*** Dataset records Section Begins ***

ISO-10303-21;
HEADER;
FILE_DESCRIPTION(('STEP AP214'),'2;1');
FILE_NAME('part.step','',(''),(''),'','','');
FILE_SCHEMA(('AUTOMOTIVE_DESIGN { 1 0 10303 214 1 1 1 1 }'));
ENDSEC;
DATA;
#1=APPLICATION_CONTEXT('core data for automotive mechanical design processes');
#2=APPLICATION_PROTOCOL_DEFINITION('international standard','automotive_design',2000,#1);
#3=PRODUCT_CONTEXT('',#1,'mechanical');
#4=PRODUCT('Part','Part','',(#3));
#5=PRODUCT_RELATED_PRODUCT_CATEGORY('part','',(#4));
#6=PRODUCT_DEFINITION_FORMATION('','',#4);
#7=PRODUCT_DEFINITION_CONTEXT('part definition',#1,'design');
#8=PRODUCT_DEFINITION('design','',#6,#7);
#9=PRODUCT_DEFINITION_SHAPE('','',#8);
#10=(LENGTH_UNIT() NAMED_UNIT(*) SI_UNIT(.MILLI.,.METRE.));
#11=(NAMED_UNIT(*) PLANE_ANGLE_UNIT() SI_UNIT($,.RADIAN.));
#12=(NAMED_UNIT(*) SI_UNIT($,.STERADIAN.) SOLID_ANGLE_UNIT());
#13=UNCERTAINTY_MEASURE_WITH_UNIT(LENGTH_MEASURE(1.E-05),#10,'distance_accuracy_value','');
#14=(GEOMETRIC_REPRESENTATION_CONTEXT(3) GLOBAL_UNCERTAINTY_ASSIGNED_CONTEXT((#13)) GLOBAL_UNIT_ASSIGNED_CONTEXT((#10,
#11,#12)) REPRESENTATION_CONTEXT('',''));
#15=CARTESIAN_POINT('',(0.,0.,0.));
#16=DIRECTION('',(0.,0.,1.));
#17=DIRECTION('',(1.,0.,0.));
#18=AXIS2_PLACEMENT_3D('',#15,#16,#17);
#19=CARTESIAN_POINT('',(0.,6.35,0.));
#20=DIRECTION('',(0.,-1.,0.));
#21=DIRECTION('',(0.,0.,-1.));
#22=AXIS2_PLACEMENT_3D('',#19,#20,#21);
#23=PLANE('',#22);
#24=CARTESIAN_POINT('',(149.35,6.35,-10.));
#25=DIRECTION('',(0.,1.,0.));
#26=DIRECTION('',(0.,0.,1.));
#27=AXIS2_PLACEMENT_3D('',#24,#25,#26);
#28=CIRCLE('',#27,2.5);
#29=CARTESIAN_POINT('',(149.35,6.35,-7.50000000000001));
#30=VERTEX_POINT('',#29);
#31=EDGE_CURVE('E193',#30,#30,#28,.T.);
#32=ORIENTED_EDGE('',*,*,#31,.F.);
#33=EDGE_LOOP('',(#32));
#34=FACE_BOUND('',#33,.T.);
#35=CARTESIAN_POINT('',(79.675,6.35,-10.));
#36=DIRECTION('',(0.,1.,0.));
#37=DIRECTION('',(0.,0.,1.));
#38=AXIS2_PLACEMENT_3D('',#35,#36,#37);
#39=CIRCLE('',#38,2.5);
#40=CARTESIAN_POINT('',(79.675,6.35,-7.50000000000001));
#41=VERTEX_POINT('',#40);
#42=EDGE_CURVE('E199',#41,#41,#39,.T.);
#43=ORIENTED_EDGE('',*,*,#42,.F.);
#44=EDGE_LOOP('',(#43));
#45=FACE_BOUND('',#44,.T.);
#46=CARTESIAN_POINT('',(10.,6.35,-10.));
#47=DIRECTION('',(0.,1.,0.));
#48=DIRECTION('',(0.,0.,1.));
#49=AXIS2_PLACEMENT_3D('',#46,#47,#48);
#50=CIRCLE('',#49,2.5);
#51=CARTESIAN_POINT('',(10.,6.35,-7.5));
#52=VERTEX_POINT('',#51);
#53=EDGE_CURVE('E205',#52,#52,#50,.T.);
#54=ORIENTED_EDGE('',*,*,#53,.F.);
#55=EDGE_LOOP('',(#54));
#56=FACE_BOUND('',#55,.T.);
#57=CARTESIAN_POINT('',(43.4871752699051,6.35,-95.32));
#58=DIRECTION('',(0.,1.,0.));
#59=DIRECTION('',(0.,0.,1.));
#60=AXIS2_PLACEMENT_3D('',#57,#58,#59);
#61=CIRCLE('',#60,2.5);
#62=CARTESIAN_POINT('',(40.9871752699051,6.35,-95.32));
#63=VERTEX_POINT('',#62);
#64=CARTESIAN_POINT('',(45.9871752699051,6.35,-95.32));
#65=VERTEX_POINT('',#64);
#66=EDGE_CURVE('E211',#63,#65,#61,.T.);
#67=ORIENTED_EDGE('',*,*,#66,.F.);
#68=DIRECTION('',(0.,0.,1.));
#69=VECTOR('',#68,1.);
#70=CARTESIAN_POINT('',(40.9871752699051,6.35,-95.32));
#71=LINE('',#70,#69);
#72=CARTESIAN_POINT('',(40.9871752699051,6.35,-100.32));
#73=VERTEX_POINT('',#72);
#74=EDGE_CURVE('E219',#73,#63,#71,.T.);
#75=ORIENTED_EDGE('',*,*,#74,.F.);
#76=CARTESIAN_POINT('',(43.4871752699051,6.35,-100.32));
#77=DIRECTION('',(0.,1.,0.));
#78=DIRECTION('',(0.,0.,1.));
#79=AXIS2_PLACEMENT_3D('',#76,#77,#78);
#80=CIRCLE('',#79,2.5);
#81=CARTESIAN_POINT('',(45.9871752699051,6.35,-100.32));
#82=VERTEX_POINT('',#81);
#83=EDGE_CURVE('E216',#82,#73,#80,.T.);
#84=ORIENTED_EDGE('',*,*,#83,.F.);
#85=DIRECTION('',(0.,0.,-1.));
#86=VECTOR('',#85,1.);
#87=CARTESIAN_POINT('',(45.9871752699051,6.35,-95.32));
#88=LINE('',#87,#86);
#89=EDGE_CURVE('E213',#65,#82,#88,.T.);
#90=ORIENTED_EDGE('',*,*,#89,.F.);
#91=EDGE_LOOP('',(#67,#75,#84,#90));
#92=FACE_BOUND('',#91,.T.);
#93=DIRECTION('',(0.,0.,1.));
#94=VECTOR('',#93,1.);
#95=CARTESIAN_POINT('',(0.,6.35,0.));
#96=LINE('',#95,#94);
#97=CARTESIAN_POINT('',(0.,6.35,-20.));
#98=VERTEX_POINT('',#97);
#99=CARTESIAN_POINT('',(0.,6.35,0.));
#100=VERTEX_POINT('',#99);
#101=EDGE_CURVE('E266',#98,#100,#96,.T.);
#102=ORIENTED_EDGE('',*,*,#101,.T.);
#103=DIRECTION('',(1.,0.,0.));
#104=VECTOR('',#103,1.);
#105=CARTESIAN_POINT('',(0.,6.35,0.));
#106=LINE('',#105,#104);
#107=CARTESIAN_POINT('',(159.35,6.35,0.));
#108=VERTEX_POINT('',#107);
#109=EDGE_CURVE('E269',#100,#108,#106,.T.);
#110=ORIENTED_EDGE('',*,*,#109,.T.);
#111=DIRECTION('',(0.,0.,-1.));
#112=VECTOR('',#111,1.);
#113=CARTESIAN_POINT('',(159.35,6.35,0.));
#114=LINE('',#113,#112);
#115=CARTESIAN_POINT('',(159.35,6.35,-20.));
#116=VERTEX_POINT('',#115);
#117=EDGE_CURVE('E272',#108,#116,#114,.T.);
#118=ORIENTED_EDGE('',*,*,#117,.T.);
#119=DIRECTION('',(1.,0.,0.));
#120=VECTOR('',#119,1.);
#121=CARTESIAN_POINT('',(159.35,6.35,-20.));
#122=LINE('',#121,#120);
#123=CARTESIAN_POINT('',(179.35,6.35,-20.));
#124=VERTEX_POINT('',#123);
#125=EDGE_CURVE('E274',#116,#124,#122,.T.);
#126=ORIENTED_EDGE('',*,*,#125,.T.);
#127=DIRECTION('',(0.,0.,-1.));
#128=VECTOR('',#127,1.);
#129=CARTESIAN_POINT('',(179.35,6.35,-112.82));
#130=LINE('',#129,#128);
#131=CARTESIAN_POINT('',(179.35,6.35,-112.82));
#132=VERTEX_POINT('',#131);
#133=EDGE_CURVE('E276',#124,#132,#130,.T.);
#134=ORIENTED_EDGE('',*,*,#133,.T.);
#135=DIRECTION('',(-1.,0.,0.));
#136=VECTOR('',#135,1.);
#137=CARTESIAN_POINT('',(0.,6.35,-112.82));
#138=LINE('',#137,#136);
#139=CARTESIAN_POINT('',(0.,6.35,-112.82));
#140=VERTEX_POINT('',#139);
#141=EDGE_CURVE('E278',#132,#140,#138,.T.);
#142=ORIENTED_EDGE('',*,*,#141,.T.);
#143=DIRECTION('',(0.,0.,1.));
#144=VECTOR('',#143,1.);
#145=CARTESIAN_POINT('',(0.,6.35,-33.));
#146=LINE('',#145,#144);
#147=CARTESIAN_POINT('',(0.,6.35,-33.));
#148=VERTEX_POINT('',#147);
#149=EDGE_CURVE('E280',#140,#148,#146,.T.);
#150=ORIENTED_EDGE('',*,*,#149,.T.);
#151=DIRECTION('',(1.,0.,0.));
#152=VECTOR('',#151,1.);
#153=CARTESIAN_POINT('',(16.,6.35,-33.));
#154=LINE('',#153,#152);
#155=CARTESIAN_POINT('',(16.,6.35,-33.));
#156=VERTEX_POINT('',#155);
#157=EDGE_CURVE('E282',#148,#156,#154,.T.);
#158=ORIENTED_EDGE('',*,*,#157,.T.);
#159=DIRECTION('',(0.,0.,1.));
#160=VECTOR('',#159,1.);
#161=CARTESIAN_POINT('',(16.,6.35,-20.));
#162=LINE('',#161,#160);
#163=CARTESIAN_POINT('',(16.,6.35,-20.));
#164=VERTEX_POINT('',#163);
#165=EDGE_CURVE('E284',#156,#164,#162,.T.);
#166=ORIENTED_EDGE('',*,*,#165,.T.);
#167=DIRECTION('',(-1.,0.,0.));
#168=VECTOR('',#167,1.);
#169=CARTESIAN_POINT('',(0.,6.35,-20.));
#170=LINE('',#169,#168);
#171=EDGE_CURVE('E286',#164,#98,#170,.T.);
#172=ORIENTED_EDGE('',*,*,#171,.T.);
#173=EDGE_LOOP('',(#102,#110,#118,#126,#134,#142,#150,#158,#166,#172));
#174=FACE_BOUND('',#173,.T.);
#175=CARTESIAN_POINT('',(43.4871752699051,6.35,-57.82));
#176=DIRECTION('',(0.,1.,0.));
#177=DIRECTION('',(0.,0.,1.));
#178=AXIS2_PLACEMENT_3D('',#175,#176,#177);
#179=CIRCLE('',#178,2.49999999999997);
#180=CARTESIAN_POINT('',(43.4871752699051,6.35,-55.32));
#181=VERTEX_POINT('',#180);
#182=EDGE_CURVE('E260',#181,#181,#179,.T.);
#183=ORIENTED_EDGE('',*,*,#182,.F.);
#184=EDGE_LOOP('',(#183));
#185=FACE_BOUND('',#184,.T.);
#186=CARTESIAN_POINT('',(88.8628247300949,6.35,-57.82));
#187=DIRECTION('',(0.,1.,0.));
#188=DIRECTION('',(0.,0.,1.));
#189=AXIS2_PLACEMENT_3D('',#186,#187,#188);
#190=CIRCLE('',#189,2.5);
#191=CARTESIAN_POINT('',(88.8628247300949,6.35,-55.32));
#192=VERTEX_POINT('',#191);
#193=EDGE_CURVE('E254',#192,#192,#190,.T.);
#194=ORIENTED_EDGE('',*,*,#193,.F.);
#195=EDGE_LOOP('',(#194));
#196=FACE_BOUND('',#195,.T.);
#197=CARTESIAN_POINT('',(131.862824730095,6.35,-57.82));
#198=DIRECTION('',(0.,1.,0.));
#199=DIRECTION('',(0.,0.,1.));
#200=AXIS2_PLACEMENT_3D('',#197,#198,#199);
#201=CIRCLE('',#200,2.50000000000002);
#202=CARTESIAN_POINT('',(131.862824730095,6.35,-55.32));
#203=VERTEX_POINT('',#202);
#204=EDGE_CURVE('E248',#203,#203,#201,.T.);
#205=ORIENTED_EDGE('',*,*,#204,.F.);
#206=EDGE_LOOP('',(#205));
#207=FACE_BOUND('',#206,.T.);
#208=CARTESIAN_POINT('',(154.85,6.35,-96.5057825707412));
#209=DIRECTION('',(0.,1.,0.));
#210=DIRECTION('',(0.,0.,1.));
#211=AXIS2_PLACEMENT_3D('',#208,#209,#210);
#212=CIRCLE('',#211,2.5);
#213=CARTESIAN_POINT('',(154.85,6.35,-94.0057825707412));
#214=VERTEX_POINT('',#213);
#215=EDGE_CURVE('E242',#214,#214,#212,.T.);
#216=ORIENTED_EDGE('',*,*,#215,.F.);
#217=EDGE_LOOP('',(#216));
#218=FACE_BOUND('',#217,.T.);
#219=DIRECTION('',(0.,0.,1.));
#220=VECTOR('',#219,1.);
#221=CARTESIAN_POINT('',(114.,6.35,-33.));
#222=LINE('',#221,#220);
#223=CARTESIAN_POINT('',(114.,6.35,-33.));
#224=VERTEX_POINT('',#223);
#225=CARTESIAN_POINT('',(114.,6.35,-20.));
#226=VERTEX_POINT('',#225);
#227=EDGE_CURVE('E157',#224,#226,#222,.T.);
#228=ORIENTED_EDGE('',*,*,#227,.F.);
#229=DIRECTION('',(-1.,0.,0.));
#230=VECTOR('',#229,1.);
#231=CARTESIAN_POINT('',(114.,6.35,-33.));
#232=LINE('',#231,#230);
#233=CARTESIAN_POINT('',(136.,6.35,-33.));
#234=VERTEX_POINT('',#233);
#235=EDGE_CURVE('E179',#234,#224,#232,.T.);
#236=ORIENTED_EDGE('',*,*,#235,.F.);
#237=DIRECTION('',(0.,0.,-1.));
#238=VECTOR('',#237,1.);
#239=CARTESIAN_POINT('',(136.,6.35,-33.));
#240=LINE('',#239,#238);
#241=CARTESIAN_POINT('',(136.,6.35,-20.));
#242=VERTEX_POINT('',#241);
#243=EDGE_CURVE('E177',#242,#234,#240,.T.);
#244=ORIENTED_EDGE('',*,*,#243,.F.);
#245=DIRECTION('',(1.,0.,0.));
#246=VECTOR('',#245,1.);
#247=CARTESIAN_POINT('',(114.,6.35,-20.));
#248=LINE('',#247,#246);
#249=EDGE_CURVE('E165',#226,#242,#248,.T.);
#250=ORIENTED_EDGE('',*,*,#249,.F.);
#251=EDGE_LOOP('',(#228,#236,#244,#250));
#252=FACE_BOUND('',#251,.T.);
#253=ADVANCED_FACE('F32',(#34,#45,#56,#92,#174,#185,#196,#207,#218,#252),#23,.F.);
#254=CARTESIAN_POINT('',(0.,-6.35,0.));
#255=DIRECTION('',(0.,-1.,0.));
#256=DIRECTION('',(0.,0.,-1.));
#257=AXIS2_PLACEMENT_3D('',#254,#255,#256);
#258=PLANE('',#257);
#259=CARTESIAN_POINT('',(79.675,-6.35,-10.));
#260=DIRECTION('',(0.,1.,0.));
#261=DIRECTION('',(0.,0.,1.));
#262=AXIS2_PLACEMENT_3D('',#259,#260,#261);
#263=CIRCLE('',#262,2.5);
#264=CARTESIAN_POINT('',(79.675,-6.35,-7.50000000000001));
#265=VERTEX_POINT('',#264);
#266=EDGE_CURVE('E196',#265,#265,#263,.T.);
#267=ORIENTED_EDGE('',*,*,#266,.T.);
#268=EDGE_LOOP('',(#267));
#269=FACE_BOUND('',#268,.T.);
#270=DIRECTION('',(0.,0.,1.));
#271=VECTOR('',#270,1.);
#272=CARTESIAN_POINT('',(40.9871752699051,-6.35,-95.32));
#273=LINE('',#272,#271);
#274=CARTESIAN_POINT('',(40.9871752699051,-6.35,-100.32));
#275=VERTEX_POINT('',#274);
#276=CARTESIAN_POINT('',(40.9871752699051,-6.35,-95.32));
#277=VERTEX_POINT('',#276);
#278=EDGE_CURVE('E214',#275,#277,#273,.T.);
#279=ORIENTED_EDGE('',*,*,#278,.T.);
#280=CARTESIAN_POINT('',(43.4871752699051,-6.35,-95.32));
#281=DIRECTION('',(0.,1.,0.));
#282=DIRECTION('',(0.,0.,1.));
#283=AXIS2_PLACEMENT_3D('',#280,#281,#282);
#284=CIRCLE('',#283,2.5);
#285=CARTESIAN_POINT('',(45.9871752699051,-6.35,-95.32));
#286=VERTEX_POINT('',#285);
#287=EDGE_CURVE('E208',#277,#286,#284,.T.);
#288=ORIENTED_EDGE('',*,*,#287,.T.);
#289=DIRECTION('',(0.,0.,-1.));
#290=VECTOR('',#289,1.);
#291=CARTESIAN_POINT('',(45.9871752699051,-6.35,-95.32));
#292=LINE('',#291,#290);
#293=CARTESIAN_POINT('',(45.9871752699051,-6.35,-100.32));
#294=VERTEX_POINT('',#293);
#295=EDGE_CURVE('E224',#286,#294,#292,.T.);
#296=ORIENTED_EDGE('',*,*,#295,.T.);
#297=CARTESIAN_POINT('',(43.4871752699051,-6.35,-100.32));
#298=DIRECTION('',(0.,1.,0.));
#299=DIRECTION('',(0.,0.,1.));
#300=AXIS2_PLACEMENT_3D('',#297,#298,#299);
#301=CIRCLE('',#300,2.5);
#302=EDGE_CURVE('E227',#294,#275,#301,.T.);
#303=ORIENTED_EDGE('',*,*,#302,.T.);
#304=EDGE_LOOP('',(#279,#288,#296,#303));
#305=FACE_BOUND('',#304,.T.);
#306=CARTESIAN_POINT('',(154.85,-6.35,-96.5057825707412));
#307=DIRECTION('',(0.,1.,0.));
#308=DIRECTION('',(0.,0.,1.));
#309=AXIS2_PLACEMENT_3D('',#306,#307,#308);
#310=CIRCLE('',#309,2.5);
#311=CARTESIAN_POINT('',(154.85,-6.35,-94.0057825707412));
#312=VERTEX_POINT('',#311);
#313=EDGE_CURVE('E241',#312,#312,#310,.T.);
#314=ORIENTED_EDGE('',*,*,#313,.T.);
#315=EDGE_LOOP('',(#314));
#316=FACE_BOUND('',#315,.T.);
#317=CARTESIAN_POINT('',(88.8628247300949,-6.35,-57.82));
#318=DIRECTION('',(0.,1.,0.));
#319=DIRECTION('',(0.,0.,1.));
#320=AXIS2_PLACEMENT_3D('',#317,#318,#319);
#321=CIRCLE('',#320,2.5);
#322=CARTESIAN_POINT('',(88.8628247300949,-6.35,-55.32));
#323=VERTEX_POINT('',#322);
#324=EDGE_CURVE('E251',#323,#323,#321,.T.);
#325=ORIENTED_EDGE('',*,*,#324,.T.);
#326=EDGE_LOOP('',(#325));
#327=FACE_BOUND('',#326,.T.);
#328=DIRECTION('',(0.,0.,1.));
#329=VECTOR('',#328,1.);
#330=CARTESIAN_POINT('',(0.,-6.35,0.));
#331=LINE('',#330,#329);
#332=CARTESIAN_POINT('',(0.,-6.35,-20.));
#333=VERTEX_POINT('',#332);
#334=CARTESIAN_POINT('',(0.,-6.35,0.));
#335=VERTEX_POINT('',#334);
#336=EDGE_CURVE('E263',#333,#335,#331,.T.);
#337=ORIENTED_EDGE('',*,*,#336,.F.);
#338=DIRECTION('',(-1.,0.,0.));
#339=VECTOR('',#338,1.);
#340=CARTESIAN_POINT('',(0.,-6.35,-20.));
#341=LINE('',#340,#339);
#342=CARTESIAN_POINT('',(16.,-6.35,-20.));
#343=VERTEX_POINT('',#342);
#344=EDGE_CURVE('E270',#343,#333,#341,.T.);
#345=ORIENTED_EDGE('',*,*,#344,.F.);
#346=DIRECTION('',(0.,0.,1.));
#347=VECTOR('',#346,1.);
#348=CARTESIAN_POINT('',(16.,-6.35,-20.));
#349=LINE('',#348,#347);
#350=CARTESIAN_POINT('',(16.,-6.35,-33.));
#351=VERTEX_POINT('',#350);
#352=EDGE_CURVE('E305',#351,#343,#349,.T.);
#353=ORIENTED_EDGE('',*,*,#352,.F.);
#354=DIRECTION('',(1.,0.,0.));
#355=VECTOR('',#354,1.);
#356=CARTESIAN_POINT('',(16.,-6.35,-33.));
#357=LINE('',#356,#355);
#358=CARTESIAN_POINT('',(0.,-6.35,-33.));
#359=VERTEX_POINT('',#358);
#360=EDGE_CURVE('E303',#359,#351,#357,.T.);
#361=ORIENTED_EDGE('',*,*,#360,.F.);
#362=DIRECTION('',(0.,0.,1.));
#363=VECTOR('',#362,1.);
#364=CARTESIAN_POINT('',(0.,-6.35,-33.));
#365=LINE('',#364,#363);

*** Dataset records Section Ends ***

- _Action item_
Reproduce only the lines above, starting at the line with "#236=ORIENTED_EDGE('',*,*,#235,.F.);" and ending at the line with "#258=PLANE('',#257);", exactly as written.

- _Result_
#236=ORIENTED_EDGE('',*,*,#235,.F.);
#237=DIRECTION('',(0.,0.,-1.));
#238=VECTOR('',#237,1.);
#239=CARTESIAN_POINT('',(136.,6.35,-33.));
#240=LINE('',#239,#238);
#241=CARTESIAN_POINT('',(136.,6.35,-20.));
#242=VERTEX_POINT('',#241);
#243=EDGE_CURVE('E177',#242,#234,#240,.T.);
#244=ORIENTED_EDGE('',*,*,#243,.F.);
#245=DIRECTION('',(1.,0.,0.));
#246=VECTOR('',#245,1.);
#247=CARTESIAN_POINT('',(114.,6.35,-20.));
#248=LINE('',#247,#246);
#249=EDGE_CURVE('E165',#226,#242,#248,.T.);
#250=ORIENTED_EDGE('',*,*,#249,.F.);
#251=EDGE_LOOP('',(#228,#236,#244,#250));
#252=FACE_BOUND('',#251,.T.);
#253=ADVANCED_FACE('F32',(#34,#45,#56,#92,#174,#185,#196,#207,#218,#252),#23,.F.);
#254=CARTESIAN_POINT('',(0.,-6.35,0.));
#255=DIRECTION('',(0.,-1.,0.));
#256=DIRECTION('',(0.,0.,-1.));
#257=AXIS2_PLACEMENT_3D('',#254,#255,#256);
#258=PLANE('',#257);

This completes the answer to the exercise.